According to the 2025 Emmys rulebook, documentaries with an aggregate theatrical release exceeding 70 days must enter the Exceptional Merit in Documentary Filmmaking category. They are ineligible for competition in the Documentary or Nonfiction Special or Hosted Nonfiction Series or Special categories. The television broadcast or streaming debut of these documentaries must occur within one year of their initial public exhibition, excluding film festival screenings, which do not count as theatrical screenings. Programs nominated for an Oscar in any category are also barred from submitting.
In essence, the Exceptional Merit in Documentary Filmmaking category was created to celebrate documentaries that had a robust theatrical run before airing on television. For example, Super/Man: The Christopher Reeve Story, another standout film that was in contention for last year's Best Documentary Feature Oscar, will also compete in this category.
Speaking to Gold Derby last year, director Irene Taylor reflected on her initial surprise when approached about the project. "I did not know Céline before this film," she admitted. "In fact, I was a little bit surprised when a producer contacted me — someone who had worked closely with her and her management in the past. She said she was thinking of me for this possible film that Céline was open to. I was surprised because my films are very much character-driven, but I had never focused on someone with as much celebrity as Céline has."

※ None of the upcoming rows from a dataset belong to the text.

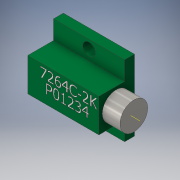
# Autodesk Inventor part: Endevco-7264C
Saved by Autodesk Inventor 2016 (Build 200138000, 138)
## iProperties
Created: 2016-06-29
Part Number: Endevco-7264C
Material: Stainless Steel
Document SubType Name: Modeling
Designer: kam42
Density: 8 g/cm^3
Appearance: Semi-Polished
Author: kam42
Autodesk Inventor part; units mm, degrees
ref_plane "YZ Plane" through (0, 0, 0) normal (1, 0, 0) x (0, 1, 0)
ref_plane "XZ Plane" through (0, 0, 0) normal (0, 1, 0) x (-1, 0, 0)
ref_plane "XY Plane" through (0, 0, 0) normal (0, 0, 1) x (1, 0, 0)
sketch "Sketch1" plane through (0, 0, 0) normal (0, 0, 1) x (1, 0, 0)
  line L0 (-5.08, -5.08) -> (5.08, -5.08)
  line L1 (5.08, -5.08) -> (5.08, 5.08)
  line L2 (5.08, 5.08) -> (-5.08, 5.08)
  line L3 (-5.08, 5.08) -> (-5.08, -5.08)
  line L4 (-5.08, -5.08) -> (5.08, 5.08) construction
  line L5 (5.08, -5.08) -> (-5.08, 5.08) construction
  circle A0 centre (0, 3.81) radius 0.9017
  line L6 (-5.08, 0) -> (5.08, 0) construction
  line L7 (0, 5.08) -> (0, -5.08) construction
  circle A1 centre (0, -3.81) radius 0.9017
  point P0 (0, 0)
  dimension "d1" = 10.16
  dimension "d2" = 10.16
  dimension "d3" = 1.8034
  dimension "d4" = 1.27
  constraints: 16 end point, 6 midpoint, 2 centre point, 2 parallel, 1 horizontal, 1 perpendicular, 1 point on line, 1 symmetric about line, 1 other
  measures "d1" distance of L1.end L2.end
  measures "d2" distance of L2.end L0.start
  measures "d3" diameter of A0
  measures "d4" distance from line of L2 A0.centre
extrude "Extrusion1" add sketch "Sketch1" along normal blind 1.397
sketch "Sketch2" plane through (0, 0, 1.397) normal (0, 0, 1) x (1, 0, 0)
  line L0 (5.08, -5.08) -> (5.08, 5.08) projected
  line L1 (-5.08, -2.3876) -> (5.08, -2.3876)
  line L2 (5.08, -2.3876) -> (5.08, 2.3876)
  line L3 (5.08, 2.3876) -> (-5.08, 2.3876)
  line L4 (-5.08, 2.3876) -> (-5.08, -2.3876)
  line L5 (-5.08, -2.3876) -> (5.08, 2.3876) construction
  line L6 (5.08, -2.3876) -> (-5.08, 2.3876) construction
  point P0 (0, 0)
  dimension "d7" = 4.7752
  constraints: 12 end point, 2 midpoint, 2 parallel, 1 horizontal, 1 perpendicular, 1 point on line
  measures "d7" distance of L3.end L1.start
extrude "Extrusion2" add sketch "Sketch2" along normal blind 3.683
sketch "Sketch3" plane through (5.08, -5.08, 0) normal (1, 0, 0) x (0, 0, -1)
  circle A0 centre (-2.6162, 5.08) radius 1.9812
  line L0 (0, 0) -> (0, 10.16) projected
  point P0 (0, 5.08)
  dimension "d10" = 3.9624
  dimension "d11" = 2.6162
  constraints: 1 centre point
  measures "d10" diameter of A0
  measures "d11" distance from line of L0 A0.centre
extrude "Extrusion3" add sketch "Sketch3" along normal blind 2.54
sketch "Sketch4" plane through (0, 0, 5.08) normal (0, 0, 1) x (1, 0, 0)
  line L0 (-3.4074, 1.996) -> (5.0034, 1.996) construction
  line L1 (5.0034, 1.996) -> (5.0034, 0.4398) construction
  line L2 (5.0034, 0.4398) -> (-3.4074, 0.4398) construction
  line L3 (-3.4074, 0.4398) -> (-3.4074, 1.996) construction
  line L4 (-2.6224, 0.309) -> (3.724, 0.309) construction
  line L5 (3.724, 0.309) -> (3.724, -1.2484) construction
  line L6 (3.724, -1.2484) -> (-2.6224, -1.2484) construction
  line L7 (-2.6224, -1.2484) -> (-2.6224, 0.309) construction
  line L8 (-2.4282, 1.7572) -> (-3.0327, 0.5696)
  line L9 (-3.0327, 0.5696) -> (-3.232, 0.5696)
  line L10 (-3.232, 0.5696) -> (-2.5935, 1.8024)
  line L11 (-2.5935, 1.8024) -> (-3.3146, 1.8024)
  line L12 (-3.3146, 1.8024) -> (-3.3146, 1.9666)
  line L13 (-3.3146, 1.9666) -> (-2.4282, 1.9666)
  line L14 (-2.4282, 1.9666) -> (-2.4282, 1.7572)
  line L15 (-1.3957, 0.5696) -> (-2.2572, 0.5696)
  line L16 (-2.2572, 0.5696) -> (-2.2572, 0.7677)
  spline S0 degree 2 poles (-2.2572, 0.7677) (-2.1644, 0.8549) (-1.9991, 1.0168) (-1.9199, 1.1039) knots 0 0 0 1 2 2 2
  spline S1 degree 2 poles (-1.9199, 1.1039) (-1.7603, 1.2794) (-1.6437, 1.49) (-1.6437, 1.6021) knots 0 0 0 1 2 2 2
  spline S2 degree 2 poles (-1.6437, 1.6021) (-1.6437, 1.6609) (-1.6799, 1.7492) (-1.7127, 1.7775) knots 0 0 0 1 2 2 2
  spline S3 degree 2 poles (-1.7127, 1.7775) (-1.7455, 1.8058) (-1.8316, 1.8341) (-1.8837, 1.8341) knots 0 0 0 1 2 2 2
  spline S4 degree 2 poles (-1.8837, 1.8341) (-1.9335, 1.8341) (-2.0354, 1.8092) (-2.0818, 1.79) knots 0 0 0 1 2 2 2
  spline S5 degree 2 poles (-2.0818, 1.79) (-2.1214, 1.7741) (-2.195, 1.7289) (-2.2176, 1.713) knots 0 0 0 1 2 2 2
  line L17 (-2.2176, 1.713) -> (-2.2278, 1.713)
  line L18 (-2.2278, 1.713) -> (-2.2278, 1.9123)
  spline S6 degree 2 poles (-2.2278, 1.9123) (-2.1701, 1.9406) (-1.9629, 1.996) (-1.8701, 1.996) knots 0 0 0 1 2 2 2
  spline S7 degree 2 poles (-1.8701, 1.996) (-1.6742, 1.996) (-1.4535, 1.7889) (-1.4535, 1.6123) knots 0 0 0 1 2 2 2
  spline S8 degree 2 poles (-1.4535, 1.6123) (-1.4535, 1.5296) (-1.492, 1.3915) (-1.5259, 1.3326) knots 0 0 0 1 2 2 2
  spline S9 degree 2 poles (-1.5259, 1.3326) (-1.5599, 1.2715) (-1.6584, 1.1515) (-1.7127, 1.0938) knots 0 0 0 1 2 2 2
  spline S10 degree 2 poles (-1.7127, 1.0938) (-1.801, 0.9975) (-2.0172, 0.7915) (-2.0818, 0.7315) knots 0 0 0 1 2 2 2
  line L19 (-2.0818, 0.7315) -> (-1.3957, 0.7315)
  line L20 (-1.3957, 0.7315) -> (-1.3957, 0.5696)
  spline S11 degree 2 poles (-0.3259, 1.0224) (-0.3259, 0.9149) (-0.3972, 0.7326) (-0.4572, 0.6715) knots 0 0 0 1 2 2 2
  spline S12 degree 2 poles (-0.4572, 0.6715) (-0.5195, 0.607) (-0.6757, 0.5402) (-0.7697, 0.5402) knots 0 0 0 1 2 2 2
  spline S13 degree 2 poles (-0.7697, 0.5402) (-0.8636, 0.5402) (-1.0187, 0.6036) (-1.0776, 0.667) knots 0 0 0 1 2 2 2
  spline S14 degree 2 poles (-1.0776, 0.667) (-1.1501, 0.7428) (-1.2316, 0.9975) (-1.2316, 1.1832) knots 0 0 0 1 2 2 2
  spline S15 degree 2 poles (-1.2316, 1.1832) (-1.2316, 1.3655) (-1.1569, 1.6587) (-1.0787, 1.7673) knots 0 0 0 1 2 2 2
  spline S16 degree 2 poles (-1.0787, 1.7673) (-1.0029, 1.8738) (-0.7629, 1.9926) (-0.6055, 1.9926) knots 0 0 0 1 2 2 2
  spline S17 degree 2 poles (-0.6055, 1.9926) (-0.5591, 1.9926) (-0.4776, 1.9836) (-0.447, 1.9734) knots 0 0 0 1 2 2 2
  line L21 (-0.447, 1.9734) -> (-0.447, 1.7934)
  line L22 (-0.447, 1.7934) -> (-0.455, 1.7934)
  spline S18 degree 2 poles (-0.455, 1.7934) (-0.481, 1.807) (-0.5761, 1.8307) (-0.6304, 1.8307) knots 0 0 0 1 2 2 2
  spline S19 degree 2 poles (-0.6304, 1.8307) (-0.8048, 1.8307) (-1.0187, 1.5953) (-1.0391, 1.3643) knots 0 0 0 1 2 2 2
  spline S20 degree 2 poles (-1.0391, 1.3643) (-0.9723, 1.4107) (-0.8319, 1.4617) (-0.7482, 1.4617) knots 0 0 0 1 2 2 2
  spline S21 degree 2 poles (-0.7482, 1.4617) (-0.6667, 1.4617) (-0.5444, 1.4289) (-0.4776, 1.379) knots 0 0 0 1 2 2 2
  spline S22 degree 2 poles (-0.4776, 1.379) (-0.4006, 1.3213) (-0.3259, 1.1424) (-0.3259, 1.0224) knots 0 0 0 1 2 2 2
  spline S23 degree 2 poles (-0.5161, 1.0145) (-0.5161, 1.1005) (-0.5614, 1.2172) (-0.6112, 1.2579) knots 0 0 0 1 2 2 2
  spline S24 degree 2 poles (-0.6112, 1.2579) (-0.6485, 1.2873) (-0.7414, 1.3066) (-0.7901, 1.3066) knots 0 0 0 1 2 2 2
  spline S25 degree 2 poles (-0.7901, 1.3066) (-0.8557, 1.3066) (-0.9791, 1.267) (-1.0391, 1.2296) knots 0 0 0 1 2 2 2
  spline S26 degree 2 poles (-1.0391, 1.2296) (-1.0402, 1.2092) (-1.0425, 1.1707) (-1.0425, 1.1413) knots 0 0 0 1 2 2 2
  spline S27 degree 2 poles (-1.0425, 1.1413) (-1.0425, 0.9964) (-0.9859, 0.8187) (-0.9429, 0.7722) knots 0 0 0 1 2 2 2
  spline S28 degree 2 poles (-0.9429, 0.7722) (-0.9033, 0.7281) (-0.8172, 0.693) (-0.7685, 0.693) knots 0 0 0 1 2 2 2
  spline S29 degree 2 poles (-0.7685, 0.693) (-0.6553, 0.693) (-0.5161, 0.8538) (-0.5161, 1.0145) knots 0 0 0 1 2 2 2
  line L23 (0.7383, 1.0496) -> (0.5718, 1.0496)
  line L24 (0.5718, 1.0496) -> (0.5718, 0.5696)
  line L25 (0.5718, 0.5696) -> (0.3918, 0.5696)
  line L26 (0.3918, 0.5696) -> (0.3918, 1.0496)
  line L27 (0.3918, 1.0496) -> (-0.2251, 1.0496)
  line L28 (-0.2251, 1.0496) -> (-0.2251, 1.2466)
  line L29 (-0.2251, 1.2466) -> (0.3998, 1.9666)
  line L30 (0.3998, 1.9666) -> (0.5718, 1.9666)
  line L31 (0.5718, 1.9666) -> (0.5718, 1.2002)
  line L32 (0.5718, 1.2002) -> (0.7383, 1.2002)
  line L33 (0.7383, 1.2002) -> (0.7383, 1.0496)
  line L34 (0.3918, 1.2002) -> (0.3918, 1.7458)
  line L35 (0.3918, 1.7458) -> (-0.078, 1.2002)
  line L36 (-0.078, 1.2002) -> (0.3918, 1.2002)
  spline S30 degree 2 poles (1.473, 0.5447) (1.3371, 0.5447) (1.1073, 0.6364) (1.0236, 0.7281) knots 0 0 0 1 2 2 2
  spline S31 degree 2 poles (1.0236, 0.7281) (0.9398, 0.8187) (0.8481, 1.0904) (0.8481, 1.267) knots 0 0 0 1 2 2 2
  spline S32 degree 2 poles (0.8481, 1.267) (0.8481, 1.4424) (0.9375, 1.7028) (1.0224, 1.799) knots 0 0 0 1 2 2 2
  spline S33 degree 2 poles (1.0224, 1.799) (1.1062, 1.893) (1.3349, 1.9915) (1.4764, 1.9915) knots 0 0 0 1 2 2 2
  spline S34 degree 2 poles (1.4764, 1.9915) (1.5466, 1.9915) (1.67, 1.9711) (1.7221, 1.9553) knots 0 0 0 1 2 2 2
  spline S35 degree 2 poles (1.7221, 1.9553) (1.7673, 1.9406) (1.8613, 1.8987) (1.9077, 1.8738) knots 0 0 0 1 2 2 2
  line L37 (1.9077, 1.8738) -> (1.9077, 1.6496)
  line L38 (1.9077, 1.6496) -> (1.893, 1.6496)
  spline S36 degree 2 poles (1.893, 1.6496) (1.8681, 1.6723) (1.7911, 1.7357) (1.7356, 1.7662) knots 0 0 0 1 2 2 2
  spline S37 degree 2 poles (1.7356, 1.7662) (1.6824, 1.7957) (1.5568, 1.833) (1.4753, 1.833) knots 0 0 0 1 2 2 2
  spline S38 degree 2 poles (1.4753, 1.833) (1.3858, 1.833) (1.2262, 1.7594) (1.1662, 1.6892) knots 0 0 0 1 2 2 2
  spline S39 degree 2 poles (1.1662, 1.6892) (1.1073, 1.6179) (1.0417, 1.4017) (1.0417, 1.267) knots 0 0 0 1 2 2 2
  spline S40 degree 2 poles (1.0417, 1.267) (1.0417, 1.1232) (1.1107, 0.916) (1.1707, 0.8447) knots 0 0 0 1 2 2 2
  spline S41 degree 2 poles (1.1707, 0.8447) (1.2296, 0.7756) (1.387, 0.7054) (1.4753, 0.7054) knots 0 0 0 1 2 2 2
  spline S42 degree 2 poles (1.4753, 0.7054) (1.5556, 0.7054) (1.6926, 0.7451) (1.7458, 0.7745) knots 0 0 0 1 2 2 2
  spline S43 degree 2 poles (1.7458, 0.7745) (1.7968, 0.8039) (1.8726, 0.8651) (1.8941, 0.8866) knots 0 0 0 1 2 2 2
  line L39 (1.8941, 0.8866) -> (1.9077, 0.8866)
  line L40 (1.9077, 0.8866) -> (1.9077, 0.6647)
  spline S44 degree 2 poles (1.9077, 0.6647) (1.8613, 0.6432) (1.7798, 0.6036) (1.7221, 0.5854) knots 0 0 0 1 2 2 2
  spline S45 degree 2 poles (1.7221, 0.5854) (1.6609, 0.5651) (1.5568, 0.5447) (1.473, 0.5447) knots 0 0 0 1 2 2 2
  line L41 (2.553, 1.096) -> (2.0243, 1.096)
  line L42 (2.0243, 1.096) -> (2.0243, 1.2658)
  line L43 (2.0243, 1.2658) -> (2.553, 1.2658)
  line L44 (2.553, 1.2658) -> (2.553, 1.096)
  line L45 (3.6002, 0.5696) -> (2.7387, 0.5696)
  line L46 (2.7387, 0.5696) -> (2.7387, 0.7677)
  spline S46 degree 2 poles (2.7387, 0.7677) (2.8315, 0.8549) (2.9968, 1.0168) (3.076, 1.1039) knots 0 0 0 1 2 2 2
  spline S47 degree 2 poles (3.076, 1.1039) (3.2357, 1.2794) (3.3523, 1.49) (3.3523, 1.6021) knots 0 0 0 1 2 2 2
  spline S48 degree 2 poles (3.3523, 1.6021) (3.3523, 1.6609) (3.316, 1.7492) (3.2832, 1.7775) knots 0 0 0 1 2 2 2
  spline S49 degree 2 poles (3.2832, 1.7775) (3.2504, 1.8058) (3.1643, 1.8341) (3.1123, 1.8341) knots 0 0 0 1 2 2 2
  spline S50 degree 2 poles (3.1123, 1.8341) (3.0624, 1.8341) (2.9606, 1.8092) (2.9141, 1.79) knots 0 0 0 1 2 2 2
  spline S51 degree 2 poles (2.9141, 1.79) (2.8745, 1.7741) (2.8009, 1.7289) (2.7783, 1.713) knots 0 0 0 1 2 2 2
  line L47 (2.7783, 1.713) -> (2.7681, 1.713)
  line L48 (2.7681, 1.713) -> (2.7681, 1.9123)
  spline S52 degree 2 poles (2.7681, 1.9123) (2.8258, 1.9406) (3.033, 1.996) (3.1258, 1.996) knots 0 0 0 1 2 2 2
  spline S53 degree 2 poles (3.1258, 1.996) (3.3217, 1.996) (3.5425, 1.7889) (3.5425, 1.6123) knots 0 0 0 1 2 2 2
  spline S54 degree 2 poles (3.5425, 1.6123) (3.5425, 1.5296) (3.504, 1.3915) (3.47, 1.3326) knots 0 0 0 1 2 2 2
  spline S55 degree 2 poles (3.47, 1.3326) (3.436, 1.2715) (3.3375, 1.1515) (3.2832, 1.0938) knots 0 0 0 1 2 2 2
  spline S56 degree 2 poles (3.2832, 1.0938) (3.1949, 0.9975) (2.9787, 0.7915) (2.9141, 0.7315) knots 0 0 0 1 2 2 2
  line L49 (2.9141, 0.7315) -> (3.6002, 0.7315)
  line L50 (3.6002, 0.7315) -> (3.6002, 0.5696)
  line L51 (4.8455, 0.5696) -> (4.6044, 0.5696)
  line L52 (4.6044, 0.5696) -> (4.0938, 1.2194)
  line L53 (4.0938, 1.2194) -> (4.0123, 1.1277)
  line L54 (4.0123, 1.1277) -> (4.0123, 0.5696)
  line L55 (4.0123, 0.5696) -> (3.8266, 0.5696)
  line L56 (3.8266, 0.5696) -> (3.8266, 1.9666)
  line L57 (3.8266, 1.9666) -> (4.0123, 1.9666)
  line L58 (4.0123, 1.9666) -> (4.0123, 1.3247)
  line L59 (4.0123, 1.3247) -> (4.5851, 1.9666)
  line L60 (4.5851, 1.9666) -> (4.8115, 1.9666)
  line L61 (4.8115, 1.9666) -> (4.233, 1.3428)
  line L62 (4.233, 1.3428) -> (4.8455, 0.5696)
  spline S57 degree 2 poles (-1.5979, -0.1416) (-1.5979, -0.2321) (-1.6624, -0.3952) (-1.7201, -0.4518) knots 0 0 0 1 2 2 2
  spline S58 degree 2 poles (-1.7201, -0.4518) (-1.7926, -0.5231) (-1.9884, -0.5967) (-2.1379, -0.5967) knots 0 0 0 1 2 2 2
  line L63 (-2.1379, -0.5967) -> (-2.2952, -0.5967)
  line L64 (-2.2952, -0.5967) -> (-2.2952, -1.1174)
  line L65 (-2.2952, -1.1174) -> (-2.4809, -1.1174)
  line L66 (-2.4809, -1.1174) -> (-2.4809, 0.2796)
  line L67 (-2.4809, 0.2796) -> (-2.1299, 0.2796)
  spline S59 degree 2 poles (-2.1299, 0.2796) (-2.0054, 0.2796) (-1.8311, 0.2388) (-1.7643, 0.1924) knots 0 0 0 1 2 2 2
  spline S60 degree 2 poles (-1.7643, 0.1924) (-1.6862, 0.1392) (-1.5979, -0.025) (-1.5979, -0.1416) knots 0 0 0 1 2 2 2
  spline S61 degree 2 poles (-1.7914, -0.1472) (-1.7914, -0.0748) (-1.8413, 0.0316) (-1.8922, 0.0656) knots 0 0 0 1 2 2 2
  spline S62 degree 2 poles (-1.8922, 0.0656) (-1.9364, 0.095) (-2.0541, 0.1188) (-2.1413, 0.1188) knots 0 0 0 1 2 2 2
  line L68 (-2.1413, 0.1188) -> (-2.2952, 0.1188)
  line L69 (-2.2952, 0.1188) -> (-2.2952, -0.4382)
  line L70 (-2.2952, -0.4382) -> (-2.1684, -0.4382)
  spline S63 degree 2 poles (-2.1684, -0.4382) (-2.0552, -0.4382) (-1.916, -0.4019) (-1.8707, -0.3544) knots 0 0 0 1 2 2 2
  spline S64 degree 2 poles (-1.8707, -0.3544) (-1.8288, -0.3125) (-1.7914, -0.214) (-1.7914, -0.1472) knots 0 0 0 1 2 2 2
  spline S65 degree 2 poles (-0.5914, -0.4189) (-0.5914, -0.7948) (-0.8099, -1.1469) (-1.0375, -1.1469) knots 0 0 0 1 2 2 2
  spline S66 degree 2 poles (-1.0375, -1.1469) (-1.2684, -1.1469) (-1.4846, -0.788) (-1.4846, -0.4201) knots 0 0 0 1 2 2 2
  spline S67 degree 2 poles (-1.4846, -0.4201) (-1.4846, -0.0419) (-1.2662, 0.3079) (-1.0375, 0.3079) knots 0 0 0 1 2 2 2
  spline S68 degree 2 poles (-1.0375, 0.3079) (-0.8077, 0.3079) (-0.5914, -0.0544) (-0.5914, -0.4189) knots 0 0 0 1 2 2 2
  spline S69 degree 2 poles (-0.8314, -0.8446) (-0.8043, -0.7755) (-0.7816, -0.5627) (-0.7816, -0.4189) knots 0 0 0 1 2 2 2
  spline S70 degree 2 poles (-0.7816, -0.4189) (-0.7816, -0.2751) (-0.8043, -0.0634) (-0.8326, 0.0079) knots 0 0 0 1 2 2 2
  spline S71 degree 2 poles (-0.8326, 0.0079) (-0.8609, 0.0792) (-0.9594, 0.1528) (-1.0375, 0.1528) knots 0 0 0 1 2 2 2
  spline S72 degree 2 poles (-1.0375, 0.1528) (-1.1156, 0.1528) (-1.2163, 0.0792) (-1.2458, 0.0056) knots 0 0 0 1 2 2 2
  spline S73 degree 2 poles (-1.2458, 0.0056) (-1.2741, -0.0657) (-1.2945, -0.2831) (-1.2945, -0.4201) knots 0 0 0 1 2 2 2
  spline S74 degree 2 poles (-1.2945, -0.4201) (-1.2945, -0.5672) (-1.2763, -0.7642) (-1.2469, -0.8412) knots 0 0 0 1 2 2 2
  spline S75 degree 2 poles (-1.2469, -0.8412) (-1.2197, -0.9136) (-1.119, -0.9918) (-1.0375, -0.9918) knots 0 0 0 1 2 2 2
  spline S76 degree 2 poles (-1.0375, -0.9918) (-0.9605, -0.9918) (-0.8597, -0.9182) (-0.8314, -0.8446) knots 0 0 0 1 2 2 2
  line L71 (0.3788, -1.1174) -> (-0.3027, -1.1174)
  line L72 (-0.3027, -1.1174) -> (-0.3027, -0.9748)
  line L73 (-0.3027, -0.9748) -> (-0.0492, -0.9748)
  line L74 (-0.0492, -0.9748) -> (-0.0492, -0.0385)
  line L75 (-0.0492, -0.0385) -> (-0.3027, -0.0385)
  line L76 (-0.3027, -0.0385) -> (-0.3027, 0.0894)
  spline S77 degree 2 poles (-0.3027, 0.0894) (-0.159, 0.0894) (-0.0231, 0.1709) (-0.0141, 0.2841) knots 0 0 0 1 2 2 2
  line L77 (-0.0141, 0.2841) -> (0.1308, 0.2841)
  line L78 (0.1308, 0.2841) -> (0.1308, -0.9748)
  line L79 (0.1308, -0.9748) -> (0.3788, -0.9748)
  line L80 (0.3788, -0.9748) -> (0.3788, -1.1174)
  line L81 (1.4973, -1.1174) -> (0.6358, -1.1174)
  line L82 (0.6358, -1.1174) -> (0.6358, -0.9193)
  spline S78 degree 2 poles (0.6358, -0.9193) (0.7286, -0.8321) (0.8939, -0.6702) (0.9731, -0.5831) knots 0 0 0 1 2 2 2
  spline S79 degree 2 poles (0.9731, -0.5831) (1.1327, -0.4076) (1.2494, -0.197) (1.2494, -0.085) knots 0 0 0 1 2 2 2
  spline S80 degree 2 poles (1.2494, -0.085) (1.2494, -0.0261) (1.2131, 0.0622) (1.1803, 0.0905) knots 0 0 0 1 2 2 2
  spline S81 degree 2 poles (1.1803, 0.0905) (1.1475, 0.1188) (1.0614, 0.1471) (1.0093, 0.1471) knots 0 0 0 1 2 2 2
  spline S82 degree 2 poles (1.0093, 0.1471) (0.9595, 0.1471) (0.8576, 0.1222) (0.8112, 0.103) knots 0 0 0 1 2 2 2
  spline S83 degree 2 poles (0.8112, 0.103) (0.7716, 0.0871) (0.698, 0.0418) (0.6754, 0.026) knots 0 0 0 1 2 2 2
  line L83 (0.6754, 0.026) -> (0.6652, 0.026)
  line L84 (0.6652, 0.026) -> (0.6652, 0.2252)
  spline S84 degree 2 poles (0.6652, 0.2252) (0.7229, 0.2535) (0.9301, 0.309) (1.0229, 0.309) knots 0 0 0 1 2 2 2
  spline S85 degree 2 poles (1.0229, 0.309) (1.2188, 0.309) (1.4395, 0.1018) (1.4395, -0.0748) knots 0 0 0 1 2 2 2
  spline S86 degree 2 poles (1.4395, -0.0748) (1.4395, -0.1574) (1.4011, -0.2955) (1.3671, -0.3544) knots 0 0 0 1 2 2 2
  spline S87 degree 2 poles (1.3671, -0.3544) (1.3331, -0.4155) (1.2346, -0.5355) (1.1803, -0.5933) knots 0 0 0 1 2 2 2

As the film delves into Dion's struggles with a long-hidden illness, Taylor speculated why the singer chose her for the project. "I think Céline was looking for someone she could tell her secret to. That's really what the film is about — this unfortunate lie that she had been telling the world." Filmed more than two years ago, Taylor sought to focus the most pivotal and deeply challenging period in Dion's life. "It would have been out of bounds just to do a straightforward biopic when her body was going through this tumultuous detox off of medications. She was trying to figure out what was happening with her vocal cords. She was also at home with her children, adjusting to having the kind of time she hadn't had for decades. It was very clear that the film needed to focus on this exceptional period of her life."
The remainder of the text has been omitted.